Wednesday, March 16, 2005

Bolivia’s Uprisings: “It’s the Oil Stupid”

Here’s the latest.

President Carlos Mesa – who threw Bolivia into a political crisis ten days ago with a threat to resign and then decided not to – has come up with a new strategy to escape the Presidency early. He has proposed that national elections be moved up by two years. He wants Bolivia to elect a new President and a new Congress next August instead of in 2007.

Mind you, this isn’t England where that dates for national elections float and get set by the party in power to their best political advantage. In Bolivia, like the US, election dates are set by the Constitution.

Carlos Mesa, one of the nation’s foremost historians on the Presidency, is starting to look like a man looking for an escape hatch as soon as possible.

To be sure, Mesa is in an almost impossible political spot, with pressures coming from his right, his left, and from the powers of multinational corporations, the US Government, the IMF and the World Bank. But he did sign up for the job. He did present himself to the nation as former President Sànchez de Lozada’s running mate and it didn’t take much intelligence to predict that the five-year term would be rough. A leader who once held great respect even among his political adversaries is starting to look, well, sort of flaky.

For now, the Bolivian Congress seems reluctant to approve Mesa’s “get me outta here quick” plan, for both reasons of sober constitutional concern and partisan self-interest.

Let’s not lose sight of the real issue here, however. To borrow a phrase – “It’s About the Oil Stupid”.

Why did the elites of Santa Cruz spark a regional rebellion for political autonomy? Why are the current confrontations between that nation’s right, left, and center so heated that the government itself rests on a precipice? Why is Bolivia in a state of nearly perpetual conflict?

It is all about oil and it nothing unique to Bolivia. Nearly every poor nation on the globe that finds itself wealthy in mineral resources also finds itself in a state of political conflict. In the more extreme cases that means civil war. When you have something of real value to fight about, you start to fight. I wrote about this recently in my report on international oil and gas issues published by the Soros Foundation.

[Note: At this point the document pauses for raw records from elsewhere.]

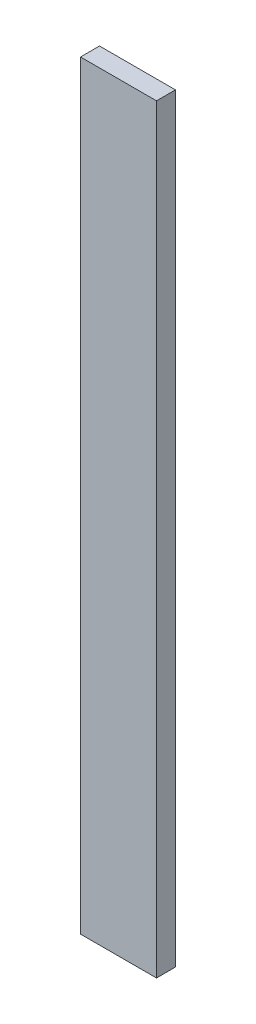
ISO-10303-21;
HEADER;
FILE_DESCRIPTION(('STEP AP214'),'2;1');
FILE_NAME('part.step','',(''),(''),'','','');
FILE_SCHEMA(('AUTOMOTIVE_DESIGN { 1 0 10303 214 1 1 1 1 }'));
ENDSEC;
DATA;
#1=APPLICATION_CONTEXT('core data for automotive mechanical design processes');
#2=APPLICATION_PROTOCOL_DEFINITION('international standard','automotive_design',2000,#1);
#3=PRODUCT_CONTEXT('',#1,'mechanical');
#4=PRODUCT('Part','Part','',(#3));
#5=PRODUCT_RELATED_PRODUCT_CATEGORY('part','',(#4));
#6=PRODUCT_DEFINITION_FORMATION('','',#4);
#7=PRODUCT_DEFINITION_CONTEXT('part definition',#1,'design');
#8=PRODUCT_DEFINITION('design','',#6,#7);
#9=PRODUCT_DEFINITION_SHAPE('','',#8);
#10=(LENGTH_UNIT() NAMED_UNIT(*) SI_UNIT(.MILLI.,.METRE.));
#11=(NAMED_UNIT(*) PLANE_ANGLE_UNIT() SI_UNIT($,.RADIAN.));
#12=(NAMED_UNIT(*) SI_UNIT($,.STERADIAN.) SOLID_ANGLE_UNIT());
#13=UNCERTAINTY_MEASURE_WITH_UNIT(LENGTH_MEASURE(1.E-05),#10,'distance_accuracy_value','');
#14=(GEOMETRIC_REPRESENTATION_CONTEXT(3) GLOBAL_UNCERTAINTY_ASSIGNED_CONTEXT((#13)) GLOBAL_UNIT_ASSIGNED_CONTEXT((#10,
#11,#12)) REPRESENTATION_CONTEXT('',''));
#15=CARTESIAN_POINT('',(0.,0.,0.));
#16=DIRECTION('',(0.,0.,1.));
#17=DIRECTION('',(1.,0.,0.));
#18=AXIS2_PLACEMENT_3D('',#15,#16,#17);
#19=CARTESIAN_POINT('',(0.,0.,3.175));
#20=DIRECTION('',(1.,0.,0.));
#21=DIRECTION('',(0.,0.,-1.));
#22=AXIS2_PLACEMENT_3D('',#19,#20,#21);
#23=PLANE('',#22);
#24=DIRECTION('',(0.,-1.,0.));
#25=VECTOR('',#24,1.);
#26=CARTESIAN_POINT('',(0.,0.,0.));
#27=LINE('',#26,#25);
#28=CARTESIAN_POINT('',(0.,0.,0.));
#29=VERTEX_POINT('',#28);
#30=CARTESIAN_POINT('',(0.,-127.,0.));
#31=VERTEX_POINT('',#30);
#32=EDGE_CURVE('E107',#29,#31,#27,.T.);
#33=ORIENTED_EDGE('',*,*,#32,.T.);
#34=DIRECTION('',(0.,0.,-1.));
#35=VECTOR('',#34,1.);
#36=CARTESIAN_POINT('',(0.,-127.,3.175));
#37=LINE('',#36,#35);
#38=CARTESIAN_POINT('',(0.,-127.,3.175));
#39=VERTEX_POINT('',#38);
#40=EDGE_CURVE('E11',#39,#31,#37,.T.);
#41=ORIENTED_EDGE('',*,*,#40,.F.);
#42=DIRECTION('',(0.,-1.,0.));
#43=VECTOR('',#42,1.);
#44=CARTESIAN_POINT('',(0.,0.,3.175));
#45=LINE('',#44,#43);
#46=CARTESIAN_POINT('',(0.,0.,3.175));
#47=VERTEX_POINT('',#46);
#48=EDGE_CURVE('E91',#47,#39,#45,.T.);
#49=ORIENTED_EDGE('',*,*,#48,.F.);
#50=DIRECTION('',(0.,0.,-1.));
#51=VECTOR('',#50,1.);
#52=CARTESIAN_POINT('',(0.,0.,3.175));
#53=LINE('',#52,#51);
#54=EDGE_CURVE('E103',#47,#29,#53,.T.);
#55=ORIENTED_EDGE('',*,*,#54,.T.);
#56=EDGE_LOOP('',(#33,#41,#49,#55));
#57=FACE_BOUND('',#56,.T.);
#58=ADVANCED_FACE('F39',(#57),#23,.F.);
#59=CARTESIAN_POINT('',(0.,-127.,3.175));
#60=DIRECTION('',(0.,1.,0.));
#61=DIRECTION('',(0.,0.,1.));
#62=AXIS2_PLACEMENT_3D('',#59,#60,#61);
#63=PLANE('',#62);
#64=DIRECTION('',(1.,0.,0.));
#65=VECTOR('',#64,1.);
#66=CARTESIAN_POINT('',(0.,-127.,0.));
#67=LINE('',#66,#65);
#68=CARTESIAN_POINT('',(12.7,-127.,0.));
#69=VERTEX_POINT('',#68);
#70=EDGE_CURVE('E96',#31,#69,#67,.T.);
#71=ORIENTED_EDGE('',*,*,#70,.T.);
#72=DIRECTION('',(0.,0.,-1.));
#73=VECTOR('',#72,1.);
#74=CARTESIAN_POINT('',(12.7,-127.,3.175));
#75=LINE('',#74,#73);
#76=CARTESIAN_POINT('',(12.7,-127.,3.175));
#77=VERTEX_POINT('',#76);
#78=EDGE_CURVE('E48',#77,#69,#75,.T.);
#79=ORIENTED_EDGE('',*,*,#78,.F.);
#80=DIRECTION('',(1.,0.,0.));
#81=VECTOR('',#80,1.);
#82=CARTESIAN_POINT('',(0.,-127.,3.175));
#83=LINE('',#82,#81);
#84=EDGE_CURVE('E86',#39,#77,#83,.T.);
#85=ORIENTED_EDGE('',*,*,#84,.F.);
#86=ORIENTED_EDGE('',*,*,#40,.T.);
#87=EDGE_LOOP('',(#71,#79,#85,#86));
#88=FACE_BOUND('',#87,.T.);
#89=ADVANCED_FACE('F95',(#88),#63,.F.);
#90=CARTESIAN_POINT('',(12.7,0.,3.175));
#91=DIRECTION('',(-1.,0.,0.));
#92=DIRECTION('',(0.,-1.,0.));
#93=AXIS2_PLACEMENT_3D('',#90,#91,#92);
#94=PLANE('',#93);
#95=DIRECTION('',(0.,1.,0.));
#96=VECTOR('',#95,1.);
#97=CARTESIAN_POINT('',(12.7,0.,0.));
#98=LINE('',#97,#96);
#99=CARTESIAN_POINT('',(12.7,0.,0.));
#100=VERTEX_POINT('',#99);
#101=EDGE_CURVE('E73',#69,#100,#98,.T.);
#102=ORIENTED_EDGE('',*,*,#101,.T.);
#103=DIRECTION('',(0.,0.,-1.));
#104=VECTOR('',#103,1.);
#105=CARTESIAN_POINT('',(12.7,0.,3.175));
#106=LINE('',#105,#104);
#107=CARTESIAN_POINT('',(12.7,0.,3.175));
#108=VERTEX_POINT('',#107);
#109=EDGE_CURVE('E98',#108,#100,#106,.T.);
#110=ORIENTED_EDGE('',*,*,#109,.F.);
#111=DIRECTION('',(0.,1.,0.));
#112=VECTOR('',#111,1.);
#113=CARTESIAN_POINT('',(12.7,0.,3.175));
#114=LINE('',#113,#112);
#115=EDGE_CURVE('E89',#77,#108,#114,.T.);
#116=ORIENTED_EDGE('',*,*,#115,.F.);
#117=ORIENTED_EDGE('',*,*,#78,.T.);
#118=EDGE_LOOP('',(#102,#110,#116,#117));
#119=FACE_BOUND('',#118,.T.);
#120=ADVANCED_FACE('F99',(#119),#94,.F.);
#121=CARTESIAN_POINT('',(0.,0.,3.175));
#122=DIRECTION('',(0.,-1.,0.));
#123=DIRECTION('',(0.,0.,-1.));
#124=AXIS2_PLACEMENT_3D('',#121,#122,#123);
#125=PLANE('',#124);
#126=DIRECTION('',(-1.,0.,0.));
#127=VECTOR('',#126,1.);
#128=CARTESIAN_POINT('',(0.,0.,0.));
#129=LINE('',#128,#127);
#130=EDGE_CURVE('E79',#100,#29,#129,.T.);
#131=ORIENTED_EDGE('',*,*,#130,.T.);
#132=ORIENTED_EDGE('',*,*,#54,.F.);
#133=DIRECTION('',(-1.,0.,0.));
#134=VECTOR('',#133,1.);
#135=CARTESIAN_POINT('',(0.,0.,3.175));
#136=LINE('',#135,#134);
#137=EDGE_CURVE('E56',#108,#47,#136,.T.);
#138=ORIENTED_EDGE('',*,*,#137,.F.);
#139=ORIENTED_EDGE('',*,*,#109,.T.);
#140=EDGE_LOOP('',(#131,#132,#138,#139));
#141=FACE_BOUND('',#140,.T.);
#142=ADVANCED_FACE('F120',(#141),#125,.F.);
#143=CARTESIAN_POINT('',(0.,0.,3.175));
#144=DIRECTION('',(0.,0.,1.));
#145=DIRECTION('',(1.,0.,0.));
#146=AXIS2_PLACEMENT_3D('',#143,#144,#145);
#147=PLANE('',#146);
#148=ORIENTED_EDGE('',*,*,#48,.T.);
#149=ORIENTED_EDGE('',*,*,#84,.T.);
#150=ORIENTED_EDGE('',*,*,#115,.T.);
#151=ORIENTED_EDGE('',*,*,#137,.T.);
#152=EDGE_LOOP('',(#148,#149,#150,#151));
#153=FACE_BOUND('',#152,.T.);
#154=ADVANCED_FACE('F87',(#153),#147,.T.);
#155=CARTESIAN_POINT('',(0.,0.,0.));
#156=DIRECTION('',(0.,0.,1.));
#157=DIRECTION('',(1.,0.,0.));
#158=AXIS2_PLACEMENT_3D('',#155,#156,#157);
#159=PLANE('',#158);
#160=ORIENTED_EDGE('',*,*,#32,.F.);
#161=ORIENTED_EDGE('',*,*,#130,.F.);
#162=ORIENTED_EDGE('',*,*,#101,.F.);
#163=ORIENTED_EDGE('',*,*,#70,.F.);
#164=EDGE_LOOP('',(#160,#161,#162,#163));
#165=FACE_BOUND('',#164,.T.);
#166=ADVANCED_FACE('F123',(#165),#159,.F.);
#167=CLOSED_SHELL('',(#58,#89,#120,#142,#154,#166));
#168=MANIFOLD_SOLID_BREP('B2',#167);
#169=ADVANCED_BREP_SHAPE_REPRESENTATION('',(#18,#168),#14);
#170=SHAPE_DEFINITION_REPRESENTATION(#9,#169);
ENDSEC;
END-ISO-10303-21;

Bolivia sits on a vast treasure of gas and oil. Social movements want to assure that the profits are shared equitably. International oil companies want to pay as little as possible. Bolivia’s oil-wealthy regions want as much control (and local profit) as possible. President Carlos Mesa is stuck in the middle and starting to look weaker and weaker.

Mesa is also starting to look more and more like a President happy to dance to the tune of foreign oil companies, even though he knows better. His tax plan is full of loopholes which will end up getting Bolivia far les than the 50% of all profits that social movements are demanding and that used to be the system here before privatization (see my Blog entry from March 10th).

Foreign companies are singing that old familiar song, tax us more and we will leave the country. Mesa knows there is a lot of crying wolf going on. Here is what he told me when I interviewed him about the issue when he was still Vice President:

The great alibi, the great argument of the multinational corporations is legal security. The moment that you change your tax rules you are changing the rules of the game that establish the possibility that those companies will come and invest in Bolivia. With another set of rules that isn’t predictable, they say, “We wouldn’t have risked coming here. This would demonstrate tat this isn’t a serious country and would send a signal – Don’t come and invest in Bolivia because they say one thing and do another.

As anyone who has ever taken Economics 101 knows, how much you can charge a company in taxes before they decide it is not worth their investment is not an ideological question, it is a math problem. The companies want a complex taxing system that only a half dozen people in the nation will understand and that will end up passing off taxes to Bolivian consumers and coming up well short of a real 50/50 split.

Are social movements here misguided in taking such an extreme stand in their demand for a gas bill that delivers a real 50/50 instead of a fake one? I don’t think so. The long-term sale of gas and oil is critical to Bolivia’s future and people know it. Do I wish that the social movements could find a less-destructive way to press their demand than blocking roads and letting millions of dollars in crops rot in transit? Yes I do, but what that would be that would actually have power is unclear.

Is Bolivia politically unstable right now? Very much so. But keep in mind that political instability is often the road from one kind of stability to another. The US was nostalgically stable in the 1950s, based of course on racial segregation, grossly unequal treatment of women and little questioning of corporate practices. Bolivia’s relative political stability in the 1990s was based on a small and wealthy elite controlling the future of a large majority of poor. Starting with the water revolt in 2000, Bolivia has been renegotiating that power relationship issue-by-issue, uprising-by-uprising. The end game is afoot on gas and the road ahead is unclear.